Optimize Your Margin Without Taking On More Credit Risk
July 29, 2020
5 minute read – It’s true that lower market rates are beyond your control, but it may be possible to make up some ground on the loan-to-asset ratio by doing more with the opportunities you’re already getting.
When profitability becomes a focus, cost cutting measures are common – and often appropriate. At the same time, it’s important to realize that it’s not possible to save your way to a viable and vibrant business model. There is no silver bullet, but incremental changes throughout the structure can add up to a real difference.
Applications for loans that are approved but do not fund are lost opportunities. Increasing the funding of approved applications, even by small percentages, can contribute to stronger earnings. Additionally, the actions you take to increase the funding are almost certain to improve the consumer’s experience.
Increased funding is often accomplished through faster decisioning, clearer communication, and creating fewer hoops for the consumer to jump through, to name a few.
Take an example of a financial institution that approves 70% of the consumer loan applications it receives.
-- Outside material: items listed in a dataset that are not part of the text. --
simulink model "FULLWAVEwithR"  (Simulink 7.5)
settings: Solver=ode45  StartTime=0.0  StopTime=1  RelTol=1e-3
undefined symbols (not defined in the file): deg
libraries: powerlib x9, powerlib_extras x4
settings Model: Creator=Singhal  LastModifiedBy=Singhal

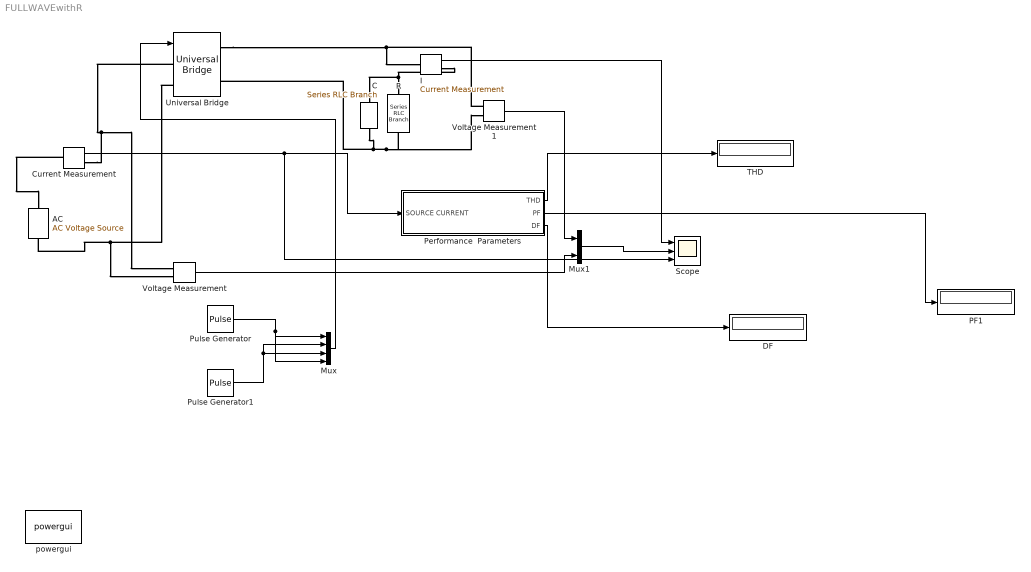
== system FULLWAVEwithR ==
  "AC " : powerlib/Electrical Sources/AC Voltage Source  DialogController=POWERSYS.PowerSysDialog  SystemSampleTime=-1  Amplitude=100  Phase=0  Frequency=50  SampleTime=0  Measurements=None
  C : powerlib/Elements/Series RLC Branch  DialogController=POWERSYS.PowerSysDialog  PhysicalDomain=powersysdomain  SubClassName=unknown  LeftPortType=p1  RightPortType=p1  LConnTagsString=__new0  RConnTagsString=__new0  BranchType=C  Resistance=10  Inductance=0.1  SetiL0=off  InitialCurrent=0  Capacitance=1e-6  Setx0=off  InitialVoltage=0  Measurements=None
  Current Measurement : powerlib/Measurements/Current Measurement  DialogController=POWERSYS.PowerSysDialog  SystemSampleTime=-1  PhasorSimulation=off  OutputType=Complex  PSBequivalent=0
  DF : Display
  I : powerlib/Measurements/Current Measurement  DialogController=POWERSYS.PowerSysDialog  SystemSampleTime=-1  PhasorSimulation=off  OutputType=Complex  PSBequivalent=0
  Mux : Mux
  Mux1 : Mux  Inputs=2
  PF1 : Display
  Performance  Parameters : Subsystem
  Pulse Generator : DiscretePulseGenerator  PulseType=Time based  Amplitude=1  Period=0.02  PulseWidth=5  PhaseDelay=deg/18000  SampleTime=1
  Pulse Generator1 : DiscretePulseGenerator  PulseType=Time based  Amplitude=1  Period=0.02  PulseWidth=5  PhaseDelay=(deg+180)/18000  SampleTime=1
  R : powerlib/Elements/Series RLC Branch  DialogController=POWERSYS.PowerSysDialog  PhysicalDomain=powersysdomain  SubClassName=unknown  LeftPortType=p1  RightPortType=p1  LConnTagsString=__new0  RConnTagsString=__new0  BranchType=R  Resistance=10  Inductance=0.1  SetiL0=off  InitialCurrent=0  Capacitance=1e-6  Setx0=off  InitialVoltage=0  Measurements=None
  Scope : Scope  NumInputPorts=3
      settings: TimeRange=0.25  YMin=-100~-5~-5  YMax=100~5~5
  THD : Display
  Universal Bridge : powerlib/Power Electronics/Universal Bridge  DialogController=POWERSYS.PowerSysDialog  SystemSampleTime=-1  Arms=2  SnubberResistance=1e5  SnubberCapacitance=inf  Device=Thyristors  Ron=1e-3  Lon=0  ForwardVoltages="[  0  0  ]"  ForwardVoltage=0  GTOparameters=[ 10e-6 , 20e-6 ]  IGBTparameters=[ 1e-6 , 2e-6 ]  Measurements=None  Measurements_2=None  converterType=Rectifier
  Voltage Measurement : powerlib/Measurements/Voltage Measurement  DialogController=POWERSYS.PowerSysDialog  SystemSampleTime=-1  PhasorSimulation=off  OutputType=Complex  PSBequivalent=0
  Voltage Measurement1 : powerlib/Measurements/Voltage Measurement  DialogController=POWERSYS.PowerSysDialog  SystemSampleTime=-1  PhasorSimulation=off  OutputType=Complex  PSBequivalent=0
  powergui : powerlib/powergui  Priority=1  SystemSampleTime=-1  SimulationMode=Discrete  SampleTime=50e-6  frequency=60  SPID=off  DisableSnubberDevices=off  DisableRonSwitches=off  DisableVfSwitches=off  SwTol=0  Interpol=off  frequencyindice=50  echomessages=off  HookPort=off  DisplayEquations=off  FunctionMessages=off  EnableUseOfTLC=off  x0status=blocks  RestoreLinks=warning  ResistiveCurrentMeasurement=off  Ylog=off  Xlog=on  ShowGrid=off  save=off  variable=ZData  ZoomFFT=off  StartTime=0.0  cycles=1  DisplayStyle=1  FreqAxis=off  MaxFrequency=1000  frequencyindicesteady=1  display=off  methode=off
  wires:
  Pulse Generator/1 -> Mux/1, Mux/4
  Pulse Generator1/1 -> Mux/2, Mux/3
  Mux/1 -> Universal Bridge/1
  Voltage Measurement/1 -> Mux1/2
  Voltage Measurement1/1 -> Mux1/1
  Performance  Parameters/1(THD) -> THD/1
  Performance  Parameters/3(DF) -> DF/1
  Performance  Parameters/2(PF) -> PF1/1
  Current Measurement/1 -> Performance  Parameters/1(SOURCE CURRENT), Scope/3
  Mux1/1 -> Scope/2
  I/1 -> Scope/1
  connections:
  Universal Bridge/LConn1 -- Voltage Measurement/LConn1 -- Current Measurement/RConn1
  "AC "/LConn1 -- Voltage Measurement/LConn2 -- Universal Bridge/LConn2
  Universal Bridge/RConn1 -- Voltage Measurement1/LConn1 -- I/LConn1
  Voltage Measurement1/LConn2 -- R/RConn1 -- Universal Bridge/RConn2 -- C/RConn1
  Current Measurement/LConn1 -- "AC "/RConn1
  I/RConn1 -- R/LConn1 -- C/LConn1

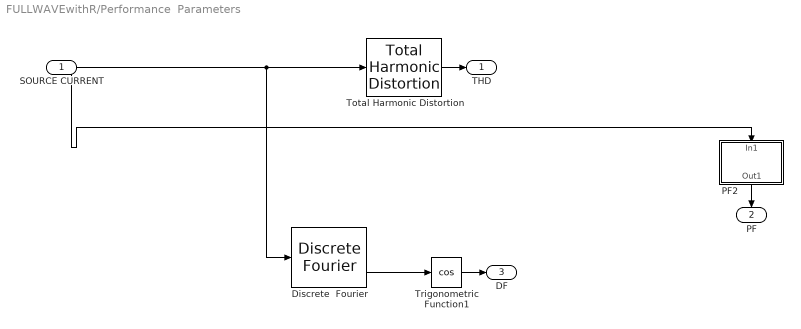
== system FULLWAVEwithR/Performance  Parameters ==
  SOURCE CURRENT : Inport
  Discrete  Fourier : powerlib_extras/Discrete Measurements/Discrete  Fourier  DialogController=POWERSYS.PowerSysDialog  SystemSampleTime=-1  Freq=50  n=1  Par_Init=[0 0]  Ts=50e-6
  PF2 : Subsystem
  Total Harmonic Distortion : powerlib_extras/Measurements/Total Harmonic Distortion  DialogController=POWERSYS.PowerSysDialog  SystemSampleTime=-1  f1=50
  Trigonometric Function1 : Trigonometry  Operator=cos
  THD : Outport
  PF : Outport  Port=2
  DF : Outport  Port=3
  wires:
  SOURCE CURRENT/1 -> PF2/1(In1), Discrete  Fourier/1, Total Harmonic Distortion/1
  Discrete  Fourier/2 -> Trigonometric Function1/1
  Total Harmonic Distortion/1 -> THD/1
  PF2/1(Out1) -> PF/1
  Trigonometric Function1/1 -> DF/1

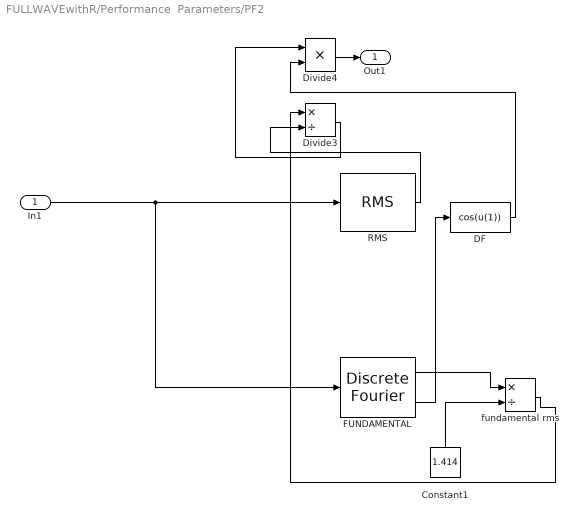
== system FULLWAVEwithR/Performance  Parameters/PF2 ==
  In1 : Inport
  Constant1 : Constant  Value=1.414  OutDataType=fixdt(1, 16)  OutScaling=2^0
  DF : Fcn  Expr=cos(u(1))
  Divide3 : Product  Inputs=*/  OutDataType=fixdt(1, 16)  OutScaling=2^-10
  Divide4 : Product  Inputs=**  OutDataType=fixdt(1, 16)  OutScaling=2^-10
  FUNDAMENTAL : powerlib_extras/Discrete Measurements/Discrete  Fourier  DialogController=POWERSYS.PowerSysDialog  SystemSampleTime=-1  Freq=50  n=1  Par_Init=[0 0]  Ts=50e-3
  RMS : powerlib_extras/Measurements/RMS  DialogController=POWERSYS.PowerSysDialog  SystemSampleTime=-1  f1=50
  fundamental rms : Product  Inputs=*/  OutDataType=fixdt(1, 16)  OutScaling=2^-10
  Out1 : Outport
  wires:
  DF/1 -> Divide4/2
  Divide3/1 -> Divide4/1
  fundamental rms/1 -> Divide3/1
  FUNDAMENTAL/1 -> fundamental rms/1
  FUNDAMENTAL/2 -> DF/1
  Constant1/1 -> fundamental rms/2
  Divide4/1 -> Out1/1
  In1/1 -> RMS/1, FUNDAMENTAL/1
  RMS/1 -> Divide3/2

Of the approved applications, it funds 71%. If the average loan balance is $20K, that equates to $497M in booked loans for every 50,000 applications received.
If the percentage of approved loans that fund can be nudged up by 5%, the result is an additional $35M in booked loans for every 50,000 applications received – without bringing more applications in the door or touching underwriting standards.
To estimate the positive impact on revenue, assume that the additional loans have a net yield of 3.5% and the investment alternative yields 1%. Also assume that the loans come on evenly throughout the year, plus we’ll factor in loan runoff (60-month loans with 20% CPR). If this institution receives 50,000 applications per year, the loans would bring $391K more in revenue to the bottom line in the first year than if the funds were in investments.
And the effect increases over time as some of the loan balances added in the first year are still providing income in later years.
Dollars in Thousands
As you work to offset financial pressures, resist zeroing in on operating expense to the exclusion of other opportunities. The improvements that you would make to achieve the gains shown bring positive short-term and long-term impacts by increasing revenue and creating a better experience for your consumers, which may increase the likelihood that they’ll do business with you again in the future.